[Collected data]

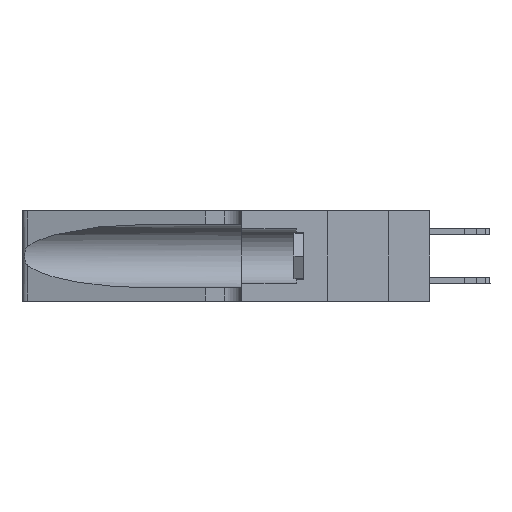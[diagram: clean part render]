
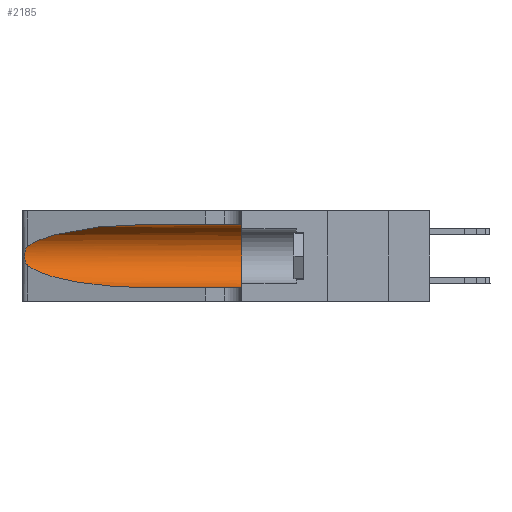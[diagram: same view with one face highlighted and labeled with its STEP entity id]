
A CAD part, left-side view. The second image highlights one B-rep face of the part: STEP entity #2185.
In plain terms, the highlighted cylindrical face has radius 3.308 mm (diameter 6.617 mm), a partial arc.
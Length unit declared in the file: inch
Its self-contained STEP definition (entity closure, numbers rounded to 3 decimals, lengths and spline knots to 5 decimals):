
#261 = AXIS2_PLACEMENT_3D ( 'NONE', #29069, #10775, #10461 ) ;
#298 = CARTESIAN_POINT ( 'NONE',  ( 0.25639, 1.23184, 0.21858 ) ) ;
#1170 = CARTESIAN_POINT ( 'NONE',  ( 0.1305, 1.61858, 0.185 ) ) ;
#1264 = ORIENTED_EDGE ( 'NONE', *, *, #8441, .F. ) ;
#1368 = DIRECTION ( 'NONE',  ( 0., -1., 0. ) ) ;
#2142 = CARTESIAN_POINT ( 'NONE',  ( 0.25487, 1.22718, 0.22369 ) ) ;
#2185 = ADVANCED_FACE ( 'NONE', ( #3480 ), #20489, .F. ) ;
#2713 = ORIENTED_EDGE ( 'NONE', *, *, #29506, .T. ) ;
#2957 =( BOUNDED_CURVE ( )  B_SPLINE_CURVE ( 3, ( #12437, #26686, #12831, #28700 ),
 .UNSPECIFIED., .F., .T. ) 
 B_SPLINE_CURVE_WITH_KNOTS ( ( 4, 4 ),
 ( 1.5708, 2.84003 ),
 .UNSPECIFIED. ) 
 CURVE ( )  GEOMETRIC_REPRESENTATION_ITEM ( )  RATIONAL_B_SPLINE_CURVE ( ( 1., 0.87, 0.87, 1. ) ) 
 REPRESENTATION_ITEM ( '' )  );
#3395 = DIRECTION ( 'NONE',  ( 0., -1., 0. ) ) ;
#3480 = FACE_OUTER_BOUND ( 'NONE', #19077, .T. ) ;
#5395 = VERTEX_POINT ( 'NONE', #16909 ) ;
#5792 = VERTEX_POINT ( 'NONE', #23658 ) ;
#5949 = CARTESIAN_POINT ( 'NONE',  ( 0.26018, 1.23835, 0.19895 ) ) ;
#6053 = CARTESIAN_POINT ( 'NONE',  ( 0.25856, 1.23593, 0.16098 ) ) ;
#7325 = CARTESIAN_POINT ( 'NONE',  ( 0.1305, 1.61858, 0.05475 ) ) ;
#7414 = CARTESIAN_POINT ( 'NONE',  ( 0.25555, 1.22994, 0.2215 ) ) ;
#7910 = LINE ( 'NONE', #17062, #18043 ) ;
#8314 = EDGE_CURVE ( 'NONE', #14776, #5792, #10341, .T. ) ;
#8441 = EDGE_CURVE ( 'NONE', #29121, #26740, #7910, .T. ) ;
#9304 = CARTESIAN_POINT ( 'NONE',  ( 0.18966, 0.96281, 0.05475 ) ) ;
#9932 = LINE ( 'NONE', #7325, #26236 ) ;
#10341 = B_SPLINE_CURVE_WITH_KNOTS ( 'NONE', 3,
 ( #18564, #7414, #298, #24888, #17478, #5949, #29438, #24472, #20099, #6053, #19995, #26819, #29126, #13775 ),
 .UNSPECIFIED., .F., .F.,
 ( 4, 2, 2, 2, 2, 2, 4 ),
 ( 0., 0.00027, 0.00053, 0.00107, 0.0016, 0.00187, 0.00214 ),
 .UNSPECIFIED. ) ;
#10461 = DIRECTION ( 'NONE',  ( 0., 0., 1. ) ) ;
#10603 =( BOUNDED_CURVE ( )  B_SPLINE_CURVE ( 3, ( #23176, #23270, #9304, #27921 ),
 .UNSPECIFIED., .F., .F. ) 
 B_SPLINE_CURVE_WITH_KNOTS ( ( 4, 4 ),
 ( 3.44316, 4.71239 ),
 .UNSPECIFIED. ) 
 CURVE ( )  GEOMETRIC_REPRESENTATION_ITEM ( )  RATIONAL_B_SPLINE_CURVE ( ( 1., 0.87, 0.87, 1. ) ) 
 REPRESENTATION_ITEM ( '' )  );
#10775 = DIRECTION ( 'NONE',  ( 0., 1., 0. ) ) ;
#11270 = CIRCLE ( 'NONE', #261, 0.13025 ) ;
#11368 = ORIENTED_EDGE ( 'NONE', *, *, #15540, .T. ) ;
#12221 = DIRECTION ( 'NONE',  ( 0., -1., 0. ) ) ;
#12437 = CARTESIAN_POINT ( 'NONE',  ( 0.1305, 0.72297, 0.31525 ) ) ;
#12831 = CARTESIAN_POINT ( 'NONE',  ( 0.2373, 1.15595, 0.28018 ) ) ;
#13775 = CARTESIAN_POINT ( 'NONE',  ( 0.25487, 1.22718, 0.14631 ) ) ;
#14336 = ORIENTED_EDGE ( 'NONE', *, *, #25722, .F. ) ;
#14776 = VERTEX_POINT ( 'NONE', #2142 ) ;
#15540 = EDGE_CURVE ( 'NONE', #5792, #5395, #10603, .T. ) ;
#16909 = CARTESIAN_POINT ( 'NONE',  ( 0.1305, 0.72297, 0.05475 ) ) ;
#17062 = CARTESIAN_POINT ( 'NONE',  ( 0.1305, 1.61858, 0.31525 ) ) ;
#17478 = CARTESIAN_POINT ( 'NONE',  ( 0.25854, 1.2359, 0.20912 ) ) ;
#18043 = VECTOR ( 'NONE', #3395, 39.37008 ) ;
#18564 = CARTESIAN_POINT ( 'NONE',  ( 0.25487, 1.22718, 0.22369 ) ) ;
#19077 = EDGE_LOOP ( 'NONE', ( #23689, #26154, #11368, #2713, #14336, #1264 ) ) ;
#19774 = DIRECTION ( 'NONE',  ( 0., 0., -1. ) ) ;
#19995 = CARTESIAN_POINT ( 'NONE',  ( 0.25789, 1.23486, 0.15765 ) ) ;
#20071 = CARTESIAN_POINT ( 'NONE',  ( 0.1305, 0.35, 0.31525 ) ) ;
#20099 = CARTESIAN_POINT ( 'NONE',  ( 0.26017, 1.23833, 0.17102 ) ) ;
#20294 = EDGE_CURVE ( 'NONE', #29121, #14776, #2957, .T. ) ;
#20489 = CYLINDRICAL_SURFACE ( 'NONE', #26271, 0.13025 ) ;
#23176 = CARTESIAN_POINT ( 'NONE',  ( 0.25487, 1.22718, 0.14631 ) ) ;
#23270 = CARTESIAN_POINT ( 'NONE',  ( 0.2373, 1.15595, 0.08982 ) ) ;
#23658 = CARTESIAN_POINT ( 'NONE',  ( 0.25487, 1.22718, 0.14631 ) ) ;
#23689 = ORIENTED_EDGE ( 'NONE', *, *, #20294, .T. ) ;
#24472 = CARTESIAN_POINT ( 'NONE',  ( 0.26075, 1.23896, 0.178 ) ) ;
#24888 = CARTESIAN_POINT ( 'NONE',  ( 0.25787, 1.23484, 0.2124 ) ) ;
#25722 = EDGE_CURVE ( 'NONE', #26740, #28402, #11270, .T. ) ;
#26154 = ORIENTED_EDGE ( 'NONE', *, *, #8314, .T. ) ;
#26236 = VECTOR ( 'NONE', #12221, 39.37008 ) ;
#26271 = AXIS2_PLACEMENT_3D ( 'NONE', #1170, #1368, #19774 ) ;
#26686 = CARTESIAN_POINT ( 'NONE',  ( 0.18966, 0.96281, 0.31525 ) ) ;
#26740 = VERTEX_POINT ( 'NONE', #20071 ) ;
#26819 = CARTESIAN_POINT ( 'NONE',  ( 0.25639, 1.23186, 0.15144 ) ) ;
#27921 = CARTESIAN_POINT ( 'NONE',  ( 0.1305, 0.72297, 0.05475 ) ) ;
#28402 = VERTEX_POINT ( 'NONE', #28808 ) ;
#28700 = CARTESIAN_POINT ( 'NONE',  ( 0.25487, 1.22718, 0.22369 ) ) ;
#28808 = CARTESIAN_POINT ( 'NONE',  ( 0.1305, 0.35, 0.05475 ) ) ;
#29069 = CARTESIAN_POINT ( 'NONE',  ( 0.1305, 0.35, 0.185 ) ) ;
#29121 = VERTEX_POINT ( 'NONE', #29123 ) ;
#29123 = CARTESIAN_POINT ( 'NONE',  ( 0.1305, 0.72297, 0.31525 ) ) ;
#29126 = CARTESIAN_POINT ( 'NONE',  ( 0.25555, 1.22993, 0.14849 ) ) ;
#29438 = CARTESIAN_POINT ( 'NONE',  ( 0.26075, 1.23896, 0.19203 ) ) ;
#29506 = EDGE_CURVE ( 'NONE', #5395, #28402, #9932, .T. ) ;

Problem: The lines above, starting at the one with "#7414 = CARTESIAN_POINT" and ending at the one with "#10341 = B_SPLINE_CURVE_WITH_KNOTS", are the only ones to return, exactly as written.

Response below:
#7414 = CARTESIAN_POINT ( 'NONE',  ( 0.25555, 1.22994, 0.2215 ) ) ;
#7910 = LINE ( 'NONE', #17062, #18043 ) ;
#8314 = EDGE_CURVE ( 'NONE', #14776, #5792, #10341, .T. ) ;
#8441 = EDGE_CURVE ( 'NONE', #29121, #26740, #7910, .T. ) ;
#9304 = CARTESIAN_POINT ( 'NONE',  ( 0.18966, 0.96281, 0.05475 ) ) ;
#9932 = LINE ( 'NONE', #7325, #26236 ) ;
#10341 = B_SPLINE_CURVE_WITH_KNOTS ( 'NONE', 3,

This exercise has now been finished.